• WORK TASK:
Using the entries below, copy out all lines where "Бобышка" is found.

RECORD EXCERPTS START

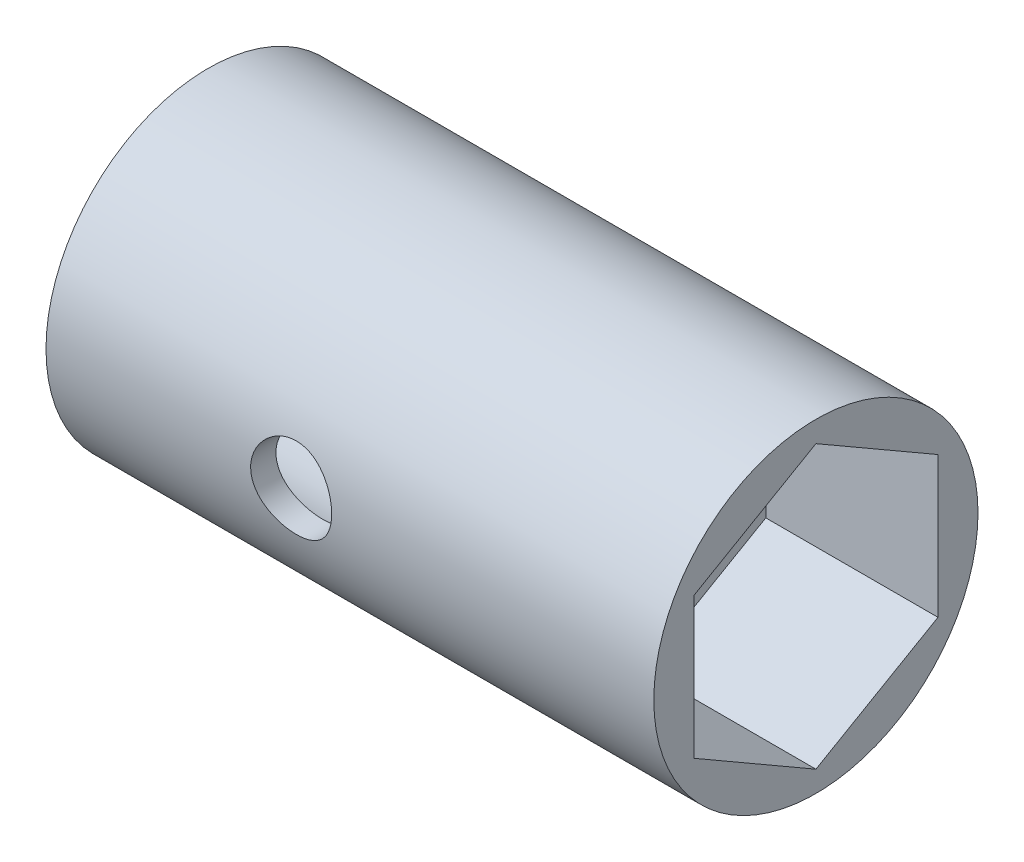
SolidWorks part; units mm, degrees
ref_plane "Alzado" through (0, 0, 0) normal (0, 0, 1) x (1, 0, 0)
ref_plane "Planta" through (0, 0, 0) normal (0, 1, 0) x (1, 0, 0)
ref_plane "Vista lateral" through (0, 0, 0) normal (1, 0, 0) x (0, 0, -1)
sketch "Croquis1" plane through (0, 0, 0) normal (1, 0, 0) x (0, 0, -1)
  line L1 (0, -6.9282) -> (6, -3.4641) construction
  line L2 (6, -3.4641) -> (6, 3.4641) construction
  line L3 (6, 3.4641) -> (0, 6.9282) construction
  line L4 (0, 6.9282) -> (-6, 3.4641) construction
  line L5 (-6, 3.4641) -> (-6, -3.4641) construction
  line L6 (-6, -3.4641) -> (0, -6.9282) construction
  circle A0 centre (0, 0) radius 6.4 construction
  circle A1 centre (0, 0) radius 6 construction
  circle A2 centre (0, 0) radius 8
  point P11 (0, 0)
  dimension "D2" = 12.8
  dimension "D3" = 16
  dimension "D1" = 12
extrude "Saliente-Extruir1" add sketch "Croquis1" along normal blind 20
sketch "Croquis2" plane through (20, 0, 0) normal (1, 0, 0) x (0, 0, -1)
  line L1 (0, -6.9571) -> (6.025, -3.4785)
  line L2 (6.025, -3.4785) -> (6.025, 3.4785)
  line L3 (6.025, 3.4785) -> (0, 6.9571)
  line L4 (0, 6.9571) -> (-6.025, 3.4785)
  line L5 (-6.025, 3.4785) -> (-6.025, -3.4785)
  line L6 (-6.025, -3.4785) -> (0, -6.9571)
  circle A0 centre (0, 0) radius 6.025 construction
  dimension "D1" = 12.05
extrude "Cortar-Extruir1" cut sketch "Croquis2" against normal blind 8.5
sketch "Croquis3" plane through (0, 0, 0) normal (-1, 0, 0) x (0, 0, 1)
  circle A0 centre (0, 0) radius 6.75
  dimension "D1" = 13.5
extrude "Cortar-Extruir2" cut sketch "Croquis3" against normal blind 9
sketch "Croquis4" plane through (9, 0, 0) normal (-1, 0, 0) x (0, 0, 1)
  circle A0 centre (0, 0) radius 2.025
  dimension "D1" = 4.05
extrude "Cortar-Extruir3" cut sketch "Croquis4" against normal up to next
sketch "Croquis5" plane through (0, 0, 0) normal (0, 0, 1) x (1, 0, 0)
  circle A0 centre (2.1, 0) radius 2
  dimension "D1" = 4
  dimension "D2" = 2.1
extrude "Cortar-Extruir4" cut sketch "Croquis5" against normal through all and the other way blind 9
sketch "Croquis6" plane through (0, 0, 0) normal (-1, 0, 0) x (0, 0, 1)
  circle A0 centre (0, 0) radius 6.75 construction
  circle A1 centre (0, 0) radius 8
  circle A2 centre (0, 0) radius 8
  circle A3 centre (0, 0) radius 6.75
  dimension "D1" = 0
extrude "Saliente-Extruir2" add sketch "Croquis6" along normal blind 10
equation "\"D1@Croquis2\"=12+0.05"
equation "\"D1@Croquis3\"=12.8+0.7"
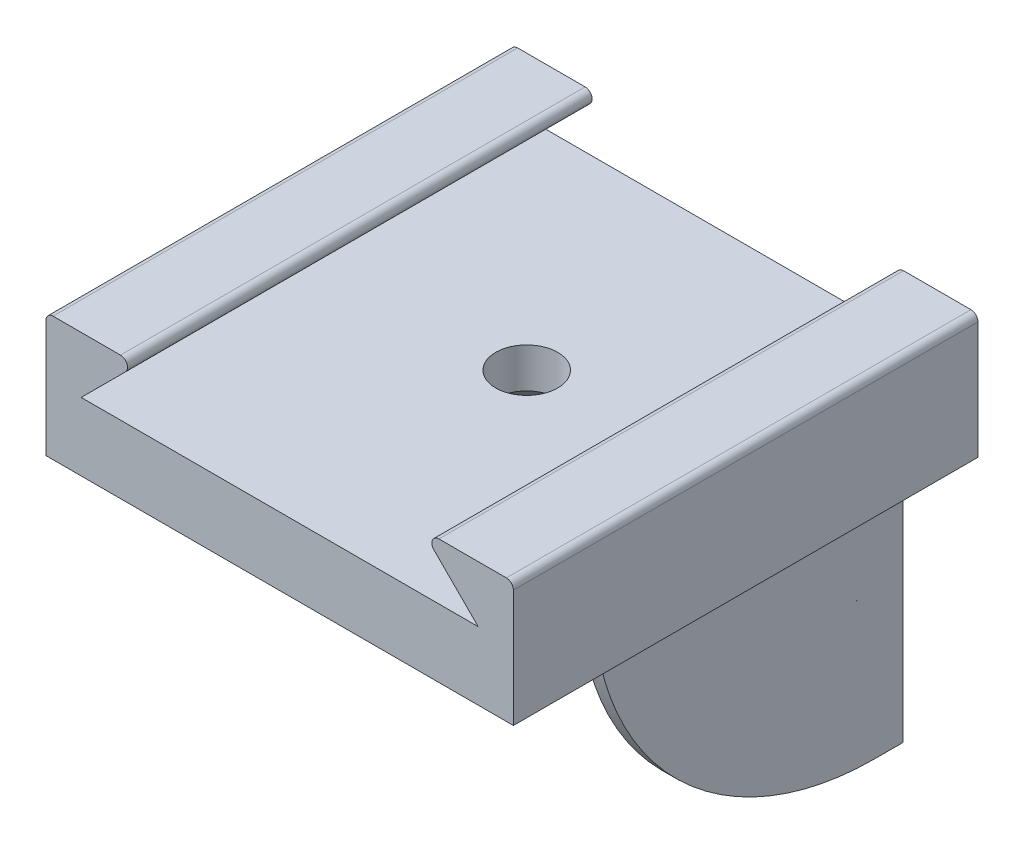
SolidWorks part; units mm, degrees
ref_plane "Спереди" through (0, 0, 0) normal (0, 0, 1) x (1, 0, 0)
ref_plane "Сверху" through (0, 0, 0) normal (0, 1, 0) x (1, 0, 0)
ref_plane "Справа" through (0, 0, 0) normal (1, 0, 0) x (0, 0, -1)
sketch "Эскиз1" plane through (0, 0, 0) normal (0, 0, 1) x (1, 0, 0)
  line L0 (-14.1864, -3.9492) -> (-11.04, -0.8028)
  line L2 (-14.1864, -3.9492) -> (14.0136, -3.9492)
  line L3 (14.0136, -3.9492) -> (10.8671, -0.8028)
  line L4 (-11.3935, 0.0508) -> (-16.1864, 0.0508)
  line L5 (-16.6864, -0.4492) -> (-16.6864, -8.7811)
  line L6 (-16.6864, -8.7811) -> (16.5136, -8.7811)
  line L7 (16.5136, -8.7811) -> (16.5136, -0.4492)
  line L8 (16.0136, 0.0508) -> (11.2207, 0.0508)
  arc A0 (-16.1864, 0.0508) -> (-16.6864, -0.4492) centre (-16.1864, -0.4492) ccw
  arc A1 (16.5136, -0.4492) -> (16.0136, 0.0508) centre (16.0136, -0.4492) ccw
  arc A2 (11.2207, 0.0508) -> (10.8671, -0.8028) centre (11.2207, -0.4492) ccw
  arc A3 (-11.04, -0.8028) -> (-11.3935, 0.0508) centre (-11.3935, -0.4492) ccw
  point P10 (-16.6864, 0.0508)
  point P13 (16.5136, 0.0508)
  point P16 (10.0136, 0.0508)
  point P19 (-10.1864, 0.0508)
  dimension "D6" = 0.5
  dimension "D1" = 45
  dimension "D2" = 45
  dimension "D3" = 6.5
  dimension "D4" = 28.2
  dimension "D5" = 6.5
extrude "Бобышка-Вытянуть1" add sketch "Эскиз1" along normal blind 33
sketch "Эскиз2" plane through (0, -8.7811, 0) normal (0, -1, 0) x (1, 0, 0)
  line L0 (-0.0864, 33) -> (0, 0) construction
  line L1 (-16.6864, 33) -> (16.5136, 33) construction
  line L2 (-16.6864, 0) -> (16.5136, 0) construction
  line L3 (-11.2049, 0) -> (11.1951, 0)
  line L4 (-11.2049, 0) -> (-11.2049, 2)
  line L5 (-10.2049, 2) -> (10.1951, 2)
  line L6 (11.1951, 0) -> (11.1951, 2)
  line L10 (-11.2049, 2) -> (-11.2049, 22)
  line L11 (-11.2049, 22) -> (-10.2049, 22)
  line L12 (-10.2049, 2) -> (-10.2049, 22)
  line L14 (11.1951, 2) -> (11.1951, 22)
  line L15 (11.1951, 22) -> (10.1951, 22)
  line L16 (10.1951, 2) -> (10.1951, 22)
  point P5 (-0.0049, 1.8738)
  dimension "D1" = 22.4
  dimension "D2" = 2
  dimension "D3" = 1
  dimension "D4" = 20
  dimension "D5" = 1
  dimension "D6" = 20
extrude "Бобышка-Вытянуть2" add sketch "Эскиз2" along normal blind 20.2
fillet "Скругление1" radius 20 2 edges at (-10.7049, -28.9811, 22) (10.6951, -28.9811, 22)
fillet "Скругление2" radius 2 2 edges at (-11.2049, -8.7811, 11) (11.1951, -8.7811, 11)
sketch "Эскиз3" plane through (0, 0, 0) normal (0, 0, -1) x (-1, 0, 0)
  line L0 (0.0049, -28.9811) -> (0.0049, -8.7811) construction
  line L1 (11.2049, -28.9811) -> (-11.1951, -28.9811) construction
  line L2 (0.0049, -18.8811) -> (-11.1951, -18.8811) construction
  line L3 (-11.1951, -28.9811) -> (-11.1951, -10.7811) construction
  line L5 (-7.9951, -26.8811) -> (8.0049, -26.8811) construction
  line L6 (-7.9951, -26.8811) -> (-7.9951, -10.8811) construction
  line L7 (-7.9951, -10.8811) -> (8.0049, -10.8811) construction
  line L8 (8.0049, -26.8811) -> (8.0049, -10.8811) construction
  line L9 (-7.9951, -26.8811) -> (8.0049, -10.8811) construction
  line L10 (-7.9951, -10.8811) -> (8.0049, -26.8811) construction
  circle A0 centre (-7.9951, -10.8811) radius 1.1
  circle A1 centre (8.0049, -10.8811) radius 1.1
  circle A2 centre (8.0049, -26.8811) radius 1.1
  circle A3 centre (-7.9951, -26.8811) radius 1.1
  circle A4 centre (0.0049, -18.8811) radius 8
  dimension "D1" = 16
  dimension "D2" = 16
extrude "Вырез-Вытянуть1" cut sketch "Эскиз3" against normal up to next
fillet "Скругление3" radius 0.5 5 edges at (10.1951, -18.8811, 2) (-10.2049, -18.8811, 2) (-0.0049, -8.7811, 2) (10.1951, -8.7811, 12) (-10.2049, -8.7811, 12)
sketch "Эскиз4" plane through (0, -3.9492, 0) normal (0, 1, 0) x (1, 0, 0)
  line L0 (0, 0) -> (-0.0864, -33) construction
  line L1 (14.0136, -33) -> (-14.1864, -33) construction
  line L2 (14.0136, 0) -> (-14.1864, 0) construction
  circle A0 centre (-0.0406, -15.5) radius 2.2
  point P7 (0, 0)
  dimension "D1" = 15.5
extrude "Вырез-Вытянуть2" cut sketch "Эскиз4" against normal up to next
chamfer "Фаска1" distance 2 angle 45 1 edges at (-0.0406, -8.7811, 17.7)
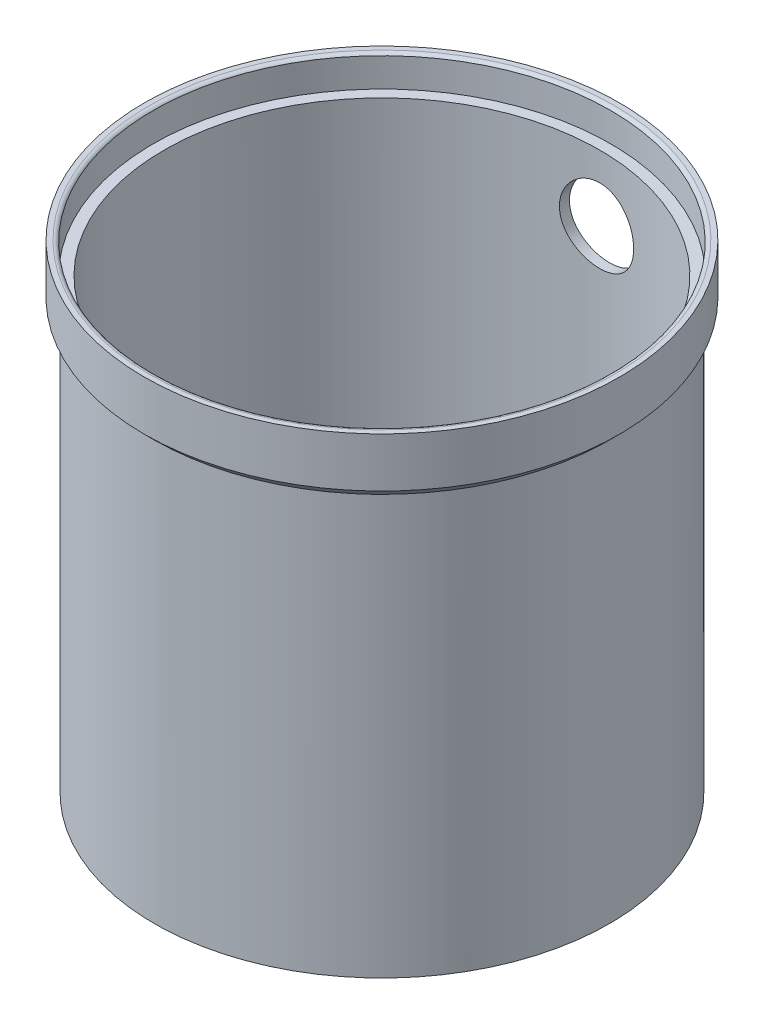
SolidWorks part; units mm, degrees
ref_plane "Front Plane" through (0, 0, 0) normal (0, 0, 1) x (1, 0, 0)
ref_plane "Top Plane" through (0, 0, 0) normal (0, 1, 0) x (1, 0, 0)
ref_plane "Right Plane" through (0, 0, 0) normal (1, 0, 0) x (0, 0, -1)
sketch "Sketch1" plane through (0, 0, 0) normal (0, 1, 0) x (1, 0, 0)
  circle A0 centre (0, 0) radius 36.8
  circle A1 centre (0, 0) radius 35.2
  dimension "D1" = 73.6
  dimension "D2" = 1.6
extrude "Boss-Extrude1" add sketch "Sketch1" along normal blind 70
sketch "Sketch2" plane through (0, 70, 0) normal (0, 1, 0) x (1, 0, 0)
  circle A1 centre (0, 0) radius 36.8
  circle A2 centre (0, 0) radius 36.8
  circle A3 centre (0, 0) radius 38.4
  dimension "D1" = 0
  dimension "D2" = 1.6
extrude "Boss-Extrude2" add sketch "Sketch2" along normal blind 5 and the other way blind 5
chamfer "Chamfer1" distance 2 angle 45 1 edges at (0, 65, 38.4)
fillet "Fillet1" radius 0.8 1 edges at (0, 75, 36.8)
sketch "Sketch3" plane through (0, 0, 0) normal (0, -1, 0) x (1, 0, 0)
  circle A0 centre (0, 0) radius 36.8 construction
  circle A1 centre (0, 0) radius 36.8
  circle A2 centre (0, 0) radius 36.2
  dimension "D1" = 0.6
extrude "Boss-Extrude3" add sketch "Sketch3" along normal blind 2.3
chamfer "Chamfer2" distance 1 angle 45 1 edges at (0, 0, 35.2)
sketch "Sketch5" plane through (0, 70, 0) normal (0, 1, 0) x (1, 0, 0)
  circle A2 centre (0, 0) radius 36.95
  circle A3 centre (0, 0) radius 36.95
  dimension "D1" = 0.15
extrude "Cut-Extrude1" cut sketch "Sketch5" along normal blind 10
ref_plane "Plane1" through (0, 0, -36.8) normal (0, 0, -1) x (-1, 0, 0)
sketch "Sketch6" plane through (0, 0, -36.8) normal (0, 0, -1) x (-1, 0, 0)
  line L0 (0, 65.4) -> (0, 47.592) construction
  line L1 (36.8, 65.4) -> (-36.8, 65.4) construction
  circle A0 centre (0, 59.4) radius 6
  dimension "D1" = 12
  dimension "D2" = 6
extrude "Cut-Extrude2" cut sketch "Sketch6" against normal blind 10

RECORD EXCERPTS END

• ANSWER:
extrude "Бобышка-Вытянуть1" add sketch "Эскиз1" along normal blind 33
extrude "Бобышка-Вытянуть2" add sketch "Эскиз2" along normal blind 20.2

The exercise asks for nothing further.